Vegan chocolate chip cookies like you’ve never tasted before! Chewy inside, crispy outside, with a dark chocolate kick and sprinkle of sea salt!
A chip off the old choc!
Tell me one thing that’s better than PROPER vegan chocolate chip cookies! Melty, chocolatey, delightfully chewy with a very slight crisp on the outside. Ideal for dunking in your tall, cold glass of oatly or just eating straight off the damn tray!
You may be surprised to hear this, but when I was growing up, chocolate chip cookies weren’t really a thing – especially not vegan chocolate chip cookies!
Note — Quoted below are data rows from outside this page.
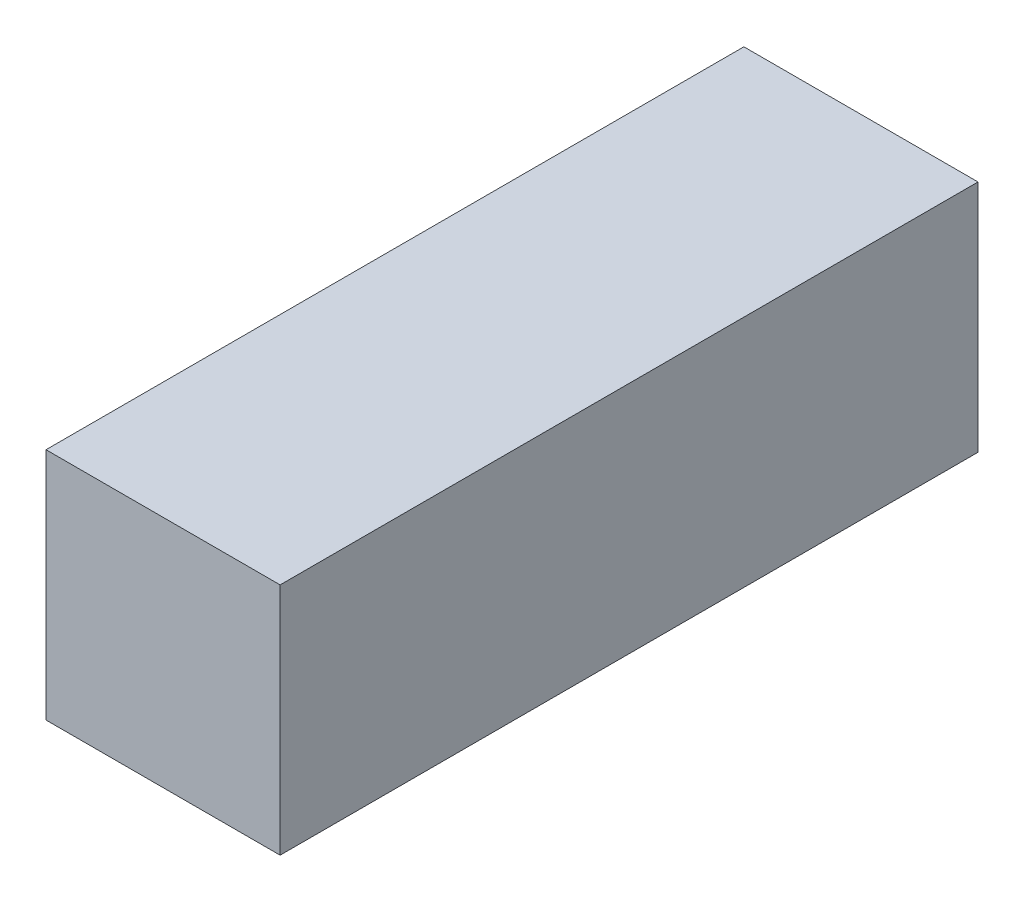
from build123d import *

# Parameters (mm, degrees)
SKETCH1_W            = 2667
SKETCH1_H            = 2667
SKETCH1_W_2          = 2590.8
SKETCH1_H_2          = 2590.8
BOSS_EXTRUDE1_DEPTH  = 7924.8
SKETCH2_W            = 2667
SKETCH2_H            = 2667
BOSS_EXTRUDE2_DEPTH  = 25.4
SKETCH3_W            = 139.7
SKETCH3_H            = 88.9
BOSS_EXTRUDE3_DEPTH  = 4876.8
SKETCH4_W            = 1219.2
SKETCH4_H            = 1016
BOSS_EXTRUDE4_DEPTH  = 152.4
LPATTERN1_COUNT      = 9
LPATTERN1_PITCH      = 142.24
LPATTERN1_COUNT_DIR2 = 9
LPATTERN1_PITCH_DIR2 = 91.44


with BuildPart() as part:
    # Sketch1 → Boss-Extrude1 (new body)
    with BuildSketch(Plane.XY):
        with Locations((0, 1295.4)):
            Rectangle(SKETCH1_W, SKETCH1_H)
        with Locations((0, 1295.4)):
            Rectangle(SKETCH1_W_2, SKETCH1_H_2, mode=Mode.SUBTRACT)
    extrude(amount=BOSS_EXTRUDE1_DEPTH)

    # Sketch2 → Boss-Extrude2 (add)
    with BuildSketch(Plane.XY.offset(7924.8)):
        with Locations((0, 1295.4)):
            Rectangle(SKETCH2_W, SKETCH2_H)
    extrude(amount=BOSS_EXTRUDE2_DEPTH)

    # Sketch3 → Boss-Extrude3 (add)
    with BuildSketch(Plane(origin=(0, 0, 7924.8), x_dir=(-1, 0, 0), z_dir=(0, 0, -1))):
        with Locations((-1225.55, 44.45)):
            Rectangle(SKETCH3_W, SKETCH3_H)
    boss_extrude3 = extrude(amount=BOSS_EXTRUDE3_DEPTH)

    # Sketch4 → Boss-Extrude4 (add)
    with BuildSketch(Plane(origin=(0, 0, 0), x_dir=(1, 0, 0), z_dir=(0, 1, 0))):
        with Locations((-666.776821408, -7400.988358872)):
            Rectangle(SKETCH4_W, SKETCH4_H)
    extrude(amount=BOSS_EXTRUDE4_DEPTH)

    # LPattern1: Boss-Extrude3 9 × 9
    with Locations(*[(-i * LPATTERN1_PITCH, j * LPATTERN1_PITCH_DIR2, 0) for i in range(LPATTERN1_COUNT) for j in range(LPATTERN1_COUNT_DIR2) if (i, j) != (0, 0)]):
        add(boss_extrude3)


solid = part.part

Sure, British classic cookies were everywhere (rich tea, nice, custard creams) but a proper American style chewy cookie was very hard to find! So forgive me for catching up on lost time and NAILING this recipe daily!
The PERFECT vegan cookie!
I’ve been stalking the instagram page of Edd Kimber (The Boy Who Bakes, winner of Season 1 of Bake Off) for a while now, looking for things to veganise. He’s incredibly talented, he made my wedding cake (we won’t talk about how he dropped it in transit – it was fine – I couldn’t even tell!) and is a suitable candidate for some serious SNV recipe hijacking!
His cookie recipe is legendary (or should I say, legen-DAIRY) and I’ve not been able to try them because he only published the recipe AFTER I went vegan! SO! I chose his cookies to veganise.
These are – hands down – the best cookies I’ve ever made. Edd has balanced the sweet and salty like a master! his idea of chopping some of the chocolate means you get the most indulgent texture inside with some beautiful big chunks throughout. DO NOT MISS THIS! Bake them!
Any fancy ingredients?
Psyllium husk powder, as you might have noticed, is my favourite thing ever these days. It’s such a great egg replacement and is so much more powerful and has so much less taste than flax seeds. However, if you’re not able to get hold of psyllium husk powder, just use flax or linseed like usual. Just exchange the tsp for tbsp and you’re all set!
Need more chocolate??
Why not try these guys!:
- 225 g vegan butter (I used Naturli “vegan block” because it browns beautifully but if you’re in the US use Miyokos)
- 350 g plain white flour
- 3/4 tsp baking powder
- 3/4 tsp baking soda
- 100 g soft light brown sugar
- 100 g soft dark brown sugar
- 150 g caster sugar
- 2 tsp psyllium husk powder + 8 tsp water
- 6 tbsp soy or oat milk
- 2 tsp vanilla bean paste or extract
- 340 g dark chocolate chips or buttons (I used Callebaut “callets” (like big buttons, bought from amazon. Remember, most chocolate over 65% cacao is usually vegan but double check the ingredients)
- Flaky sea salt for sprinkling
- Preheat the oven to 160c.
- In a small bowl, mix together the psyllium husk powder and the water. Set aside to thicken.
- In a separate medium bowl, measure out the flour, baking powder and baking soda.
- Set aside around 2/3 of your chocolate chips/buttons. With the other 1/3, chop roughly. Set aside also.
- In a small saucepan, place the butter and place over a medium/low heat. If you’re not using Naturli or Myokos you’ll find that your butter will not brown, however please follow this step anyway as you’ll want your butter at least melted. Stirring constantly, cook until the butter is fully melted, begins to foam and starts to develop light brown specks (around 3-4 minutes). Remove from the heat and allow to cool slightly for around 5 minutes.
- Pour the butter into the bowl of a stand mixer fitted with the paddle attachment. Add the sugars and beat on a medium speed to combine. Add the thickened psyllium husk, the vanilla and the oat milk while the mixer is running. Beat until the psyllium husk “egg” is fully incorporated (it has a tendency to be quite lumpy if not beaten enough).
- With a silicone spatula, stir in your dry ingredients, being careful not to over mix or you’ll end up with a tough cookie!
- Add all the chocolate and stir to combine. Line a cookie sheet with baking parchment and scoop out balls of cookie dough, a couple inches apart, making sure each one has a good amount of chocolate showing on top. Sprinkle with a little sea salt and place in the preheated oven. Bake for 16 minutes.
- Once baked, allow to cool on the baking sheet for about 5 minutes and then transfer to a wire cooling rack. Once cooled, ENJOY!